#### TASK REQUIREMENTS:
Here is the task for the records below: repeat exactly the lines from the one with "line L1 (10.25, -7.75) -> (10.25, 100.75)" to the one with "line L19 (-2.5, 54) -> (-2.5, 41)", both included, and nothing else.
^^^^^^^^^^^^^^^^
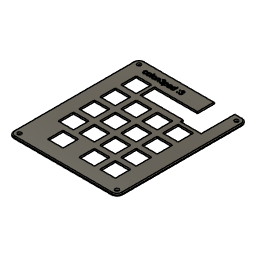
hackpad_case (Autodesk Fusion 360 archive; units mm, degrees)
design "Hackpad Plate"
Autodesk Fusion 360 part; units mm, degrees
sketch "Sketch1" plane through (0, 0, 0) normal (0, 0, 1) x (1, 0, 0)
  line L0 (3, -2.5) -> (16, -2.5)
  line L1 (3, -16.5) -> (16, -16.5)
  line L2 (2.5, -3) -> (2.5, -16)
  line L3 (16.5, -3) -> (16.5, -16)
  arc A0 (3, -2.5) -> (2.5, -3) centre (3, -3) ccw
  arc A1 (16.5, -3) -> (16, -2.5) centre (16, -3) ccw
  arc A2 (2.5, -16) -> (3, -16.5) centre (3, -16) ccw
  arc A3 (16, -16.5) -> (16.5, -16) centre (16, -16) ccw
  line L4 (3, -21.5) -> (16, -21.5)
  line L5 (3, -35.5) -> (16, -35.5)
  line L6 (2.5, -22) -> (2.5, -35)
  line L7 (16.5, -22) -> (16.5, -35)
  arc A4 (3, -21.5) -> (2.5, -22) centre (3, -22) ccw
  arc A5 (16.5, -22) -> (16, -21.5) centre (16, -22) ccw
  arc A6 (2.5, -35) -> (3, -35.5) centre (3, -35) ccw
  arc A7 (16, -35.5) -> (16.5, -35) centre (16, -35) ccw
  line L8 (22, -21.5) -> (35, -21.5)
  line L9 (22, -35.5) -> (35, -35.5)
  line L10 (21.5, -22) -> (21.5, -35)
  line L11 (35.5, -22) -> (35.5, -35)
  arc A8 (22, -21.5) -> (21.5, -22) centre (22, -22) ccw
  arc A9 (35.5, -22) -> (35, -21.5) centre (35, -22) ccw
  arc A10 (21.5, -35) -> (22, -35.5) centre (22, -35) ccw
  arc A11 (35, -35.5) -> (35.5, -35) centre (35, -35) ccw
  line L12 (41, -21.5) -> (54, -21.5)
  line L13 (41, -35.5) -> (54, -35.5)
  line L14 (40.5, -22) -> (40.5, -35)
  line L15 (54.5, -22) -> (54.5, -35)
  arc A12 (41, -21.5) -> (40.5, -22) centre (41, -22) ccw
  arc A13 (54.5, -22) -> (54, -21.5) centre (54, -22) ccw
  arc A14 (40.5, -35) -> (41, -35.5) centre (41, -35) ccw
  arc A15 (54, -35.5) -> (54.5, -35) centre (54, -35) ccw
  line L16 (60, -21.5) -> (73, -21.5)
  line L17 (60, -35.5) -> (73, -35.5)
  line L18 (59.5, -22) -> (59.5, -35)
  line L19 (73.5, -22) -> (73.5, -35)
  arc A16 (60, -21.5) -> (59.5, -22) centre (60, -22) ccw
  arc A17 (73.5, -22) -> (73, -21.5) centre (73, -22) ccw
  arc A18 (59.5, -35) -> (60, -35.5) centre (60, -35) ccw
  arc A19 (73, -35.5) -> (73.5, -35) centre (73, -35) ccw
  line L20 (3, -40.5) -> (16, -40.5)
  line L21 (3, -54.5) -> (16, -54.5)
  line L22 (2.5, -41) -> (2.5, -54)
  line L23 (16.5, -41) -> (16.5, -54)
  arc A20 (3, -40.5) -> (2.5, -41) centre (3, -41) ccw
  arc A21 (16.5, -41) -> (16, -40.5) centre (16, -41) ccw
  arc A22 (2.5, -54) -> (3, -54.5) centre (3, -54) ccw
  arc A23 (16, -54.5) -> (16.5, -54) centre (16, -54) ccw
  line L24 (22, -40.5) -> (35, -40.5)
  line L25 (22, -54.5) -> (35, -54.5)
  line L26 (21.5, -41) -> (21.5, -54)
  line L27 (35.5, -41) -> (35.5, -54)
  arc A24 (22, -40.5) -> (21.5, -41) centre (22, -41) ccw
  arc A25 (35.5, -41) -> (35, -40.5) centre (35, -41) ccw
  arc A26 (21.5, -54) -> (22, -54.5) centre (22, -54) ccw
  arc A27 (35, -54.5) -> (35.5, -54) centre (35, -54) ccw
  line L28 (41, -40.5) -> (54, -40.5)
  line L29 (41, -54.5) -> (54, -54.5)
  line L30 (40.5, -41) -> (40.5, -54)
  line L31 (54.5, -41) -> (54.5, -54)
  arc A28 (41, -40.5) -> (40.5, -41) centre (41, -41) ccw
  arc A29 (54.5, -41) -> (54, -40.5) centre (54, -41) ccw
  arc A30 (40.5, -54) -> (41, -54.5) centre (41, -54) ccw
  arc A31 (54, -54.5) -> (54.5, -54) centre (54, -54) ccw
  line L32 (60, -40.5) -> (73, -40.5)
  line L33 (60, -54.5) -> (73, -54.5)
  line L34 (59.5, -41) -> (59.5, -54)
  line L35 (73.5, -41) -> (73.5, -54)
  arc A32 (60, -40.5) -> (59.5, -41) centre (60, -41) ccw
  arc A33 (73.5, -41) -> (73, -40.5) centre (73, -41) ccw
  arc A34 (59.5, -54) -> (60, -54.5) centre (60, -54) ccw
  arc A35 (73, -54.5) -> (73.5, -54) centre (73, -54) ccw
  line L36 (3, -59.5) -> (16, -59.5)
  line L37 (3, -73.5) -> (16, -73.5)
  line L38 (2.5, -60) -> (2.5, -73)
  line L39 (16.5, -60) -> (16.5, -73)
  arc A36 (3, -59.5) -> (2.5, -60) centre (3, -60) ccw
  arc A37 (16.5, -60) -> (16, -59.5) centre (16, -60) ccw
  arc A38 (2.5, -73) -> (3, -73.5) centre (3, -73) ccw
  arc A39 (16, -73.5) -> (16.5, -73) centre (16, -73) ccw
  line L40 (22, -59.5) -> (35, -59.5)
  line L41 (22, -73.5) -> (35, -73.5)
  line L42 (21.5, -60) -> (21.5, -73)
  line L43 (35.5, -60) -> (35.5, -73)
  arc A40 (22, -59.5) -> (21.5, -60) centre (22, -60) ccw
  arc A41 (35.5, -60) -> (35, -59.5) centre (35, -60) ccw
  arc A42 (21.5, -73) -> (22, -73.5) centre (22, -73) ccw
  arc A43 (35, -73.5) -> (35.5, -73) centre (35, -73) ccw
  line L44 (41, -59.5) -> (54, -59.5)
  line L45 (41, -73.5) -> (54, -73.5)
  line L46 (40.5, -60) -> (40.5, -73)
  line L47 (54.5, -60) -> (54.5, -73)
  arc A44 (41, -59.5) -> (40.5, -60) centre (41, -60) ccw
  arc A45 (54.5, -60) -> (54, -59.5) centre (54, -60) ccw
  arc A46 (40.5, -73) -> (41, -73.5) centre (41, -73) ccw
  arc A47 (54, -73.5) -> (54.5, -73) centre (54, -73) ccw
  line L48 (60, -59.5) -> (73, -59.5)
  line L49 (60, -73.5) -> (73, -73.5)
  line L50 (59.5, -60) -> (59.5, -73)
  line L51 (73.5, -60) -> (73.5, -73)
  arc A48 (60, -59.5) -> (59.5, -60) centre (60, -60) ccw
  arc A49 (73.5, -60) -> (73, -59.5) centre (73, -60) ccw
  arc A50 (59.5, -73) -> (60, -73.5) centre (60, -73) ccw
  arc A51 (73, -73.5) -> (73.5, -73) centre (73, -73) ccw
  line L52 (12.5, -78.5) -> (25.5, -78.5)
  line L53 (12.5, -92.5) -> (25.5, -92.5)
  line L54 (12, -79) -> (12, -92)
  line L55 (26, -79) -> (26, -92)
  arc A52 (12.5, -78.5) -> (12, -79) centre (12.5, -79) ccw
  arc A53 (26, -79) -> (25.5, -78.5) centre (25.5, -79) ccw
  arc A54 (12, -92) -> (12.5, -92.5) centre (12.5, -92) ccw
  arc A55 (25.5, -92.5) -> (26, -92) centre (25.5, -92) ccw
  line L56 (4.062, -79.5) -> (10.062, -79.5)
  line L57 (4.062, -94.5) -> (10.062, -94.5)
  line L58 (3.562, -80) -> (3.562, -94)
  line L59 (10.562, -80) -> (10.562, -94)
  arc A56 (4.062, -79.5) -> (3.562, -80) centre (4.062, -80) ccw
  arc A57 (10.562, -80) -> (10.062, -79.5) centre (10.062, -80) ccw
  arc A58 (3.562, -94) -> (4.062, -94.5) centre (4.062, -94) ccw
  arc A59 (10.062, -94.5) -> (10.562, -94) centre (10.062, -94) ccw
  line L60 (27.938, -79.5) -> (33.938, -79.5)
  line L61 (27.938, -94.5) -> (33.938, -94.5)
  line L62 (27.438, -80) -> (27.438, -94)
  line L63 (34.438, -80) -> (34.438, -94)
  arc A60 (27.938, -79.5) -> (27.438, -80) centre (27.938, -80) ccw
  arc A61 (34.438, -80) -> (33.938, -79.5) centre (33.938, -80) ccw
  arc A62 (27.438, -94) -> (27.938, -94.5) centre (27.938, -94) ccw
  arc A63 (33.938, -94.5) -> (34.438, -94) centre (33.938, -94) ccw
  line L64 (41, -78.5) -> (54, -78.5)
  line L65 (41, -92.5) -> (54, -92.5)
  line L66 (40.5, -79) -> (40.5, -92)
  line L67 (54.5, -79) -> (54.5, -92)
  arc A64 (41, -78.5) -> (40.5, -79) centre (41, -79) ccw
  arc A65 (54.5, -79) -> (54, -78.5) centre (54, -79) ccw
  arc A66 (40.5, -92) -> (41, -92.5) centre (41, -92) ccw
  arc A67 (54, -92.5) -> (54.5, -92) centre (54, -92) ccw
  line L68 (60, -78.5) -> (73, -78.5)
  line L69 (60, -92.5) -> (73, -92.5)
  line L70 (59.5, -79) -> (59.5, -92)
  line L71 (73.5, -79) -> (73.5, -92)
  arc A68 (60, -78.5) -> (59.5, -79) centre (60, -79) ccw
  arc A69 (73.5, -79) -> (73, -78.5) centre (73, -79) ccw
  arc A70 (59.5, -92) -> (60, -92.5) centre (60, -92) ccw
  arc A71 (73, -92.5) -> (73.5, -92) centre (73, -92) ccw
  line L72 (-10.25, 12.75) -> (88.25, 12.75)
  line L73 (88.25, 12.75) -> (88.25, -105.75)
  line L74 (88.25, -105.75) -> (-10.25, -105.75)
  line L75 (-10.25, -105.75) -> (-10.25, 12.75)
  line L76 (3, -3) -> (16, -16) construction
  circle A72 centre (-5.25, 7.75) radius 1.7
  line L77 (39, 12.75) -> (39, -105.75) construction
  line L78 (-10.25, -46.5) -> (88.25, -46.5) construction
  circle A73 centre (83.25, 7.75) radius 1.7
  circle A74 centre (-5.25, -100.75) radius 1.7
  circle A75 centre (83.25, -100.75) radius 1.7
  line L79 (19.5, -2.9) -> (58.5, -2.9)
  line L80 (58.5, -2.9) -> (58.5, -15.9)
  line L81 (58.5, -15.9) -> (19.5, -15.9)
  line L82 (19.5, -15.9) -> (19.5, -2.9)
  line L83 (58.5, -18.5) -> (77.5, -18.5)
  line L84 (77.5, -18.5) -> (77.5, 12.75)
  line L85 (77.5, 12.75) -> (58.5, 12.75)
  line L86 (58.5, 12.75) -> (58.5, -18.5)
  point P0 (9.5, -9.5)
  dimension "d1" = 98.5
  dimension "d2" = 118.5
  dimension "d3" = 19.75
  dimension "d4" = 22.25
  dimension "d5" = 3.4
  dimension "d6" = 5
  dimension "d7" = 5
  dimension "d12" = 39
  dimension "d13" = 13
  dimension "d14" = 3
  dimension "d15" = 5.6
  dimension "d20" = 19
  dimension "d23" = 3
  constraint horizontal L72
  constraint vertical L73
  constraint horizontal L74
  constraint vertical L75
  constraint coincident A0.centre L76.start
  constraint coincident A3.centre L76.end
  constraint midpoint L76 P0
  constraint midpoint L72 L77.start
  constraint midpoint L74 L77.end
  constraint midpoint L75 L78.start
  constraint midpoint L73 L78.end
  constraint symmetric A72 L77 A73
  constraint symmetric A72 L78 A74
  constraint symmetric L78 A73 A75
  constraint horizontal L79
  constraint vertical L80
  constraint horizontal L81
  constraint vertical L82
  constraint horizontal L83
  constraint vertical L84
  constraint horizontal L85
  constraint vertical L86
  constraint coincident L79.end L86
  constraint coincident L72 L85.end
  measures "d1" distance of L72.start L72.end
  measures "d2" distance of L72.start L74.end
  measures "d3" distance of L75 P0
  measures "d4" distance of L72 P0
  measures "d5" diameter of A72
  measures "d6" distance of L72 A72.centre
  measures "d7" distance of L75 A72.centre
  measures "d12" distance of L79.start L79.end
  measures "d13" distance of L79.start L81.end
  measures "d14" distance of L3 L82
  measures "d15" distance of L8 L81
  measures "d20" distance of L83.start L83.end
  measures "d23" distance of L16 L83
extrude "Extrude1" add sketch "Sketch1" along normal blind 1.5 contours L56 L57 L58 L59 A56 A57 A58 A59 | L60 L61 L62 L63 A60 A61 A62 A63 | L72 L73 L74 L75 L79 L81 L82 L83 L84 L86
fillet "Fillet1" radius 5 4 edges at (88.25, -105.75, 0.75) (-10.25, -105.75, 0.75) (-10.25, 12.75, 0.75) (88.25, 12.75, 0.75)
sketch "Sketch2" plane through (0, 0, 1.5) normal (0, 0, 1) x (-1, 0, 0)
  arc A0 (-88.25, -7.75) -> (-83.25, -12.75) centre (-83.25, -7.75) ccw
  line L0 (-83.25, -12.75) -> (-77.5, -12.75)
  arc A1 (5.25, -12.75) -> (10.25, -7.75) centre (5.25, -7.75) ccw
  line L1 (10.25, -7.75) -> (10.25, 100.75)
  arc A2 (10.25, 100.75) -> (5.25, 105.75) centre (5.25, 100.75) ccw
  line L2 (5.25, 105.75) -> (-83.25, 105.75)
  arc A3 (-83.25, 105.75) -> (-88.25, 100.75) centre (-83.25, 100.75) ccw
  line L3 (-88.25, 100.75) -> (-88.25, -7.75)
  arc A4 (-41, 59.5) -> (-40.5, 60) centre (-41, 60) ccw
  line L4 (-41, 59.5) -> (-54, 59.5)
  arc A5 (-54.5, 60) -> (-54, 59.5) centre (-54, 60) ccw
  line L5 (-54.5, 60) -> (-54.5, 73)
  arc A6 (-54, 73.5) -> (-54.5, 73) centre (-54, 73) ccw
  line L6 (-54, 73.5) -> (-41, 73.5)
  arc A7 (-40.5, 73) -> (-41, 73.5) centre (-41, 73) ccw
  line L7 (-40.5, 73) -> (-40.5, 60)
  circle A8 centre (-83.25, -7.75) radius 1.7
  arc A9 (-12.5, 78.5) -> (-12, 79) centre (-12.5, 79) ccw
  line L8 (-12.5, 78.5) -> (-25.5, 78.5)
  arc A10 (-26, 79) -> (-25.5, 78.5) centre (-25.5, 79) ccw
  line L9 (-26, 79) -> (-26, 92)
  arc A11 (-25.5, 92.5) -> (-26, 92) centre (-25.5, 92) ccw
  line L10 (-25.5, 92.5) -> (-12.5, 92.5)
  arc A12 (-12, 92) -> (-12.5, 92.5) centre (-12.5, 92) ccw
  line L11 (-12, 92) -> (-12, 79)
  arc A13 (-41, 78.5) -> (-40.5, 79) centre (-41, 79) ccw
  line L12 (-41, 78.5) -> (-54, 78.5)
  arc A14 (-54.5, 79) -> (-54, 78.5) centre (-54, 79) ccw
  line L13 (-54.5, 79) -> (-54.5, 92)
  arc A15 (-54, 92.5) -> (-54.5, 92) centre (-54, 92) ccw
  line L14 (-54, 92.5) -> (-41, 92.5)
  arc A16 (-40.5, 92) -> (-41, 92.5) centre (-41, 92) ccw
  line L15 (-40.5, 92) -> (-40.5, 79)
  arc A17 (-3, 40.5) -> (-2.5, 41) centre (-3, 41) ccw
  line L16 (-3, 40.5) -> (-16, 40.5)
  arc A18 (-16.5, 41) -> (-16, 40.5) centre (-16, 41) ccw
  line L17 (-16.5, 41) -> (-16.5, 54)
  arc A19 (-16, 54.5) -> (-16.5, 54) centre (-16, 54) ccw
  line L18 (-16, 54.5) -> (-3, 54.5)
  arc A20 (-2.5, 54) -> (-3, 54.5) centre (-3, 54) ccw
  line L19 (-2.5, 54) -> (-2.5, 41)
  circle A21 centre (-83.25, 100.75) radius 1.7
  circle A22 centre (5.25, 100.75) radius 1.7
  arc A23 (-60, 40.5) -> (-59.5, 41) centre (-60, 41) ccw
  line L20 (-60, 40.5) -> (-73, 40.5)
  arc A24 (-73.5, 41) -> (-73, 40.5) centre (-73, 41) ccw
  line L21 (-73.5, 41) -> (-73.5, 54)
  arc A25 (-73, 54.5) -> (-73.5, 54) centre (-73, 54) ccw
  line L22 (-73, 54.5) -> (-60, 54.5)
  arc A26 (-59.5, 54) -> (-60, 54.5) centre (-60, 54) ccw
  line L23 (-59.5, 54) -> (-59.5, 41)
  arc A27 (-41, 21.5) -> (-40.5, 22) centre (-41, 22) ccw
  line L24 (-41, 21.5) -> (-54, 21.5)
  arc A28 (-54.5, 22) -> (-54, 21.5) centre (-54, 22) ccw
  line L25 (-54.5, 22) -> (-54.5, 35)
  arc A29 (-54, 35.5) -> (-54.5, 35) centre (-54, 35) ccw
  line L26 (-54, 35.5) -> (-41, 35.5)
  arc A30 (-40.5, 35) -> (-41, 35.5) centre (-41, 35) ccw
  line L27 (-40.5, 35) -> (-40.5, 22)
  line L28 (-58.5, 15.9) -> (-19.5, 15.9)
  line L29 (-19.5, 15.9) -> (-19.5, 2.9)
  line L30 (-19.5, 2.9) -> (-58.5, 2.9)
  arc A31 (-60, 59.5) -> (-59.5, 60) centre (-60, 60) ccw
  line L31 (-60, 59.5) -> (-73, 59.5)
  arc A32 (-73.5, 60) -> (-73, 59.5) centre (-73, 60) ccw
  line L32 (-73.5, 60) -> (-73.5, 73)
  arc A33 (-73, 73.5) -> (-73.5, 73) centre (-73, 73) ccw
  line L33 (-73, 73.5) -> (-60, 73.5)
  arc A34 (-59.5, 73) -> (-60, 73.5) centre (-60, 73) ccw
  line L34 (-59.5, 73) -> (-59.5, 60)
  arc A35 (-3, 2.5) -> (-2.5, 3) centre (-3, 3) ccw
  line L35 (-3, 2.5) -> (-16, 2.5)
  arc A36 (-16.5, 3) -> (-16, 2.5) centre (-16, 3) ccw
  line L36 (-16.5, 3) -> (-16.5, 16)
  arc A37 (-16, 16.5) -> (-16.5, 16) centre (-16, 16) ccw
  line L37 (-16, 16.5) -> (-3, 16.5)
  arc A38 (-2.5, 16) -> (-3, 16.5) centre (-3, 16) ccw
  line L38 (-2.5, 16) -> (-2.5, 3)
  arc A39 (-41, 40.5) -> (-40.5, 41) centre (-41, 41) ccw
  line L39 (-41, 40.5) -> (-54, 40.5)
  arc A40 (-54.5, 41) -> (-54, 40.5) centre (-54, 41) ccw
  line L40 (-54.5, 41) -> (-54.5, 54)
  arc A41 (-54, 54.5) -> (-54.5, 54) centre (-54, 54) ccw
  line L41 (-54, 54.5) -> (-41, 54.5)
  arc A42 (-40.5, 54) -> (-41, 54.5) centre (-41, 54) ccw
  line L42 (-40.5, 54) -> (-40.5, 41)
  arc A43 (-60, 78.5) -> (-59.5, 79) centre (-60, 79) ccw
  line L43 (-60, 78.5) -> (-73, 78.5)
  arc A44 (-73.5, 79) -> (-73, 78.5) centre (-73, 79) ccw
  line L44 (-73.5, 79) -> (-73.5, 92)
  arc A45 (-73, 92.5) -> (-73.5, 92) centre (-73, 92) ccw
  line L45 (-73, 92.5) -> (-60, 92.5)
  arc A46 (-59.5, 92) -> (-60, 92.5) centre (-60, 92) ccw
  line L46 (-59.5, 92) -> (-59.5, 79)
  arc A47 (-60, 21.5) -> (-59.5, 22) centre (-60, 22) ccw
  line L47 (-60, 21.5) -> (-73, 21.5)
  arc A48 (-73.5, 22) -> (-73, 21.5) centre (-73, 22) ccw
  line L48 (-73.5, 22) -> (-73.5, 35)
  arc A49 (-73, 35.5) -> (-73.5, 35) centre (-73, 35) ccw
  line L49 (-73, 35.5) -> (-60, 35.5)
  arc A50 (-59.5, 35) -> (-60, 35.5) centre (-60, 35) ccw
  line L50 (-59.5, 35) -> (-59.5, 22)
  arc A51 (-22, 59.5) -> (-21.5, 60) centre (-22, 60) ccw
  line L51 (-22, 59.5) -> (-35, 59.5)
  arc A52 (-35.5, 60) -> (-35, 59.5) centre (-35, 60) ccw
  line L52 (-35.5, 60) -> (-35.5, 73)
  arc A53 (-35, 73.5) -> (-35.5, 73) centre (-35, 73) ccw
  line L53 (-35, 73.5) -> (-22, 73.5)
  arc A54 (-21.5, 73) -> (-22, 73.5) centre (-22, 73) ccw
  line L54 (-21.5, 73) -> (-21.5, 60)
  arc A55 (-3, 21.5) -> (-2.5, 22) centre (-3, 22) ccw
  line L55 (-3, 21.5) -> (-16, 21.5)
  arc A56 (-16.5, 22) -> (-16, 21.5) centre (-16, 22) ccw
  line L56 (-16.5, 22) -> (-16.5, 35)
  arc A57 (-16, 35.5) -> (-16.5, 35) centre (-16, 35) ccw
  line L57 (-16, 35.5) -> (-3, 35.5)
  arc A58 (-2.5, 35) -> (-3, 35.5) centre (-3, 35) ccw
  line L58 (-2.5, 35) -> (-2.5, 22)
  arc A59 (-3, 59.5) -> (-2.5, 60) centre (-3, 60) ccw
  line L59 (-3, 59.5) -> (-16, 59.5)
  arc A60 (-16.5, 60) -> (-16, 59.5) centre (-16, 60) ccw
  line L60 (-16.5, 60) -> (-16.5, 73)
  arc A61 (-16, 73.5) -> (-16.5, 73) centre (-16, 73) ccw
  line L61 (-16, 73.5) -> (-3, 73.5)
  arc A62 (-2.5, 73) -> (-3, 73.5) centre (-3, 73) ccw
  line L62 (-2.5, 73) -> (-2.5, 60)
  arc A63 (-22, 40.5) -> (-21.5, 41) centre (-22, 41) ccw
  line L63 (-22, 40.5) -> (-35, 40.5)
  arc A64 (-35.5, 41) -> (-35, 40.5) centre (-35, 41) ccw
  line L64 (-35.5, 41) -> (-35.5, 54)
  arc A65 (-35, 54.5) -> (-35.5, 54) centre (-35, 54) ccw
  line L65 (-35, 54.5) -> (-22, 54.5)
  arc A66 (-21.5, 54) -> (-22, 54.5) centre (-22, 54) ccw
  line L66 (-21.5, 54) -> (-21.5, 41)
  arc A67 (-22, 21.5) -> (-21.5, 22) centre (-22, 22) ccw
  line L67 (-22, 21.5) -> (-35, 21.5)
  arc A68 (-35.5, 22) -> (-35, 21.5) centre (-35, 22) ccw
  line L68 (-35.5, 22) -> (-35.5, 35)
  arc A69 (-35, 35.5) -> (-35.5, 35) centre (-35, 35) ccw
  line L69 (-35, 35.5) -> (-22, 35.5)
  arc A70 (-21.5, 35) -> (-22, 35.5) centre (-22, 35) ccw
  line L70 (-21.5, 35) -> (-21.5, 22)
  circle A71 centre (5.25, -7.75) radius 1.7
  line L71 (-2.2743, -2.3244) -> (-54.284, -2.3883) construction
  line L72 (-54.284, -2.3883) -> (-54.2778, -7.3919) construction
  line L73 (-54.2778, -7.3919) -> (-2.2682, -7.328) construction
  line L74 (-2.2682, -7.328) -> (-2.2743, -2.3244) construction
  line L75 (-58.5, 18.5) -> (-58.5, 15.9)
  line L76 (-77.5, -12.75) -> (-77.5, 18.5)
  line L77 (-77.5, 18.5) -> (-58.5, 18.5)
  line L78 (-58.5, 2.9) -> (-58.5, -12.75)
  line L79 (-58.5, -12.75) -> (5.25, -12.75)
  dimension "d16" = 4.5
  text T0 "colon3pad :3" font "Arial" height 4.5 align left top in box 52.0097 x 5.0036 at (-2.2743, -2.3244) x (-0.999999, -0.001228) y (0.001228, -0.999999) spacing 1 kerned
extrude "Extrude2" cut sketch "Sketch2" against normal blind 0.2 text T0
fillet "Fillet2" radius 0.8 9 edges at (26.625, 12.75, 1.5) (-8.7855, 11.2855, 1.5) (-10.25, -46.5, 1.5) (-8.7855, -104.2855, 1.5) (39, -105.75, 1.5) (86.7855, -104.2855, 1.5) (88.25, -46.5, 1.5) (86.7855, 11.2855, 1.5) (80.375, 12.75, 1.5)
equation "d4 = 12.75 mm + 0.25 mm + 9.5 mm - 0.25 mm"
^^^^^^^^^^^^^^^^
#### SOLUTION BELOW:
  line L1 (10.25, -7.75) -> (10.25, 100.75)
  arc A2 (10.25, 100.75) -> (5.25, 105.75) centre (5.25, 100.75) ccw
  line L2 (5.25, 105.75) -> (-83.25, 105.75)
  arc A3 (-83.25, 105.75) -> (-88.25, 100.75) centre (-83.25, 100.75) ccw
  line L3 (-88.25, 100.75) -> (-88.25, -7.75)
  arc A4 (-41, 59.5) -> (-40.5, 60) centre (-41, 60) ccw
  line L4 (-41, 59.5) -> (-54, 59.5)
  arc A5 (-54.5, 60) -> (-54, 59.5) centre (-54, 60) ccw
  line L5 (-54.5, 60) -> (-54.5, 73)
  arc A6 (-54, 73.5) -> (-54.5, 73) centre (-54, 73) ccw
  line L6 (-54, 73.5) -> (-41, 73.5)
  arc A7 (-40.5, 73) -> (-41, 73.5) centre (-41, 73) ccw
  line L7 (-40.5, 73) -> (-40.5, 60)
  circle A8 centre (-83.25, -7.75) radius 1.7
  arc A9 (-12.5, 78.5) -> (-12, 79) centre (-12.5, 79) ccw
  line L8 (-12.5, 78.5) -> (-25.5, 78.5)
  arc A10 (-26, 79) -> (-25.5, 78.5) centre (-25.5, 79) ccw
  line L9 (-26, 79) -> (-26, 92)
  arc A11 (-25.5, 92.5) -> (-26, 92) centre (-25.5, 92) ccw
  line L10 (-25.5, 92.5) -> (-12.5, 92.5)
  arc A12 (-12, 92) -> (-12.5, 92.5) centre (-12.5, 92) ccw
  line L11 (-12, 92) -> (-12, 79)
  arc A13 (-41, 78.5) -> (-40.5, 79) centre (-41, 79) ccw
  line L12 (-41, 78.5) -> (-54, 78.5)
  arc A14 (-54.5, 79) -> (-54, 78.5) centre (-54, 79) ccw
  line L13 (-54.5, 79) -> (-54.5, 92)
  arc A15 (-54, 92.5) -> (-54.5, 92) centre (-54, 92) ccw
  line L14 (-54, 92.5) -> (-41, 92.5)
  arc A16 (-40.5, 92) -> (-41, 92.5) centre (-41, 92) ccw
  line L15 (-40.5, 92) -> (-40.5, 79)
  arc A17 (-3, 40.5) -> (-2.5, 41) centre (-3, 41) ccw
  line L16 (-3, 40.5) -> (-16, 40.5)
  arc A18 (-16.5, 41) -> (-16, 40.5) centre (-16, 41) ccw
  line L17 (-16.5, 41) -> (-16.5, 54)
  arc A19 (-16, 54.5) -> (-16.5, 54) centre (-16, 54) ccw
  line L18 (-16, 54.5) -> (-3, 54.5)
  arc A20 (-2.5, 54) -> (-3, 54.5) centre (-3, 54) ccw
  line L19 (-2.5, 54) -> (-2.5, 41)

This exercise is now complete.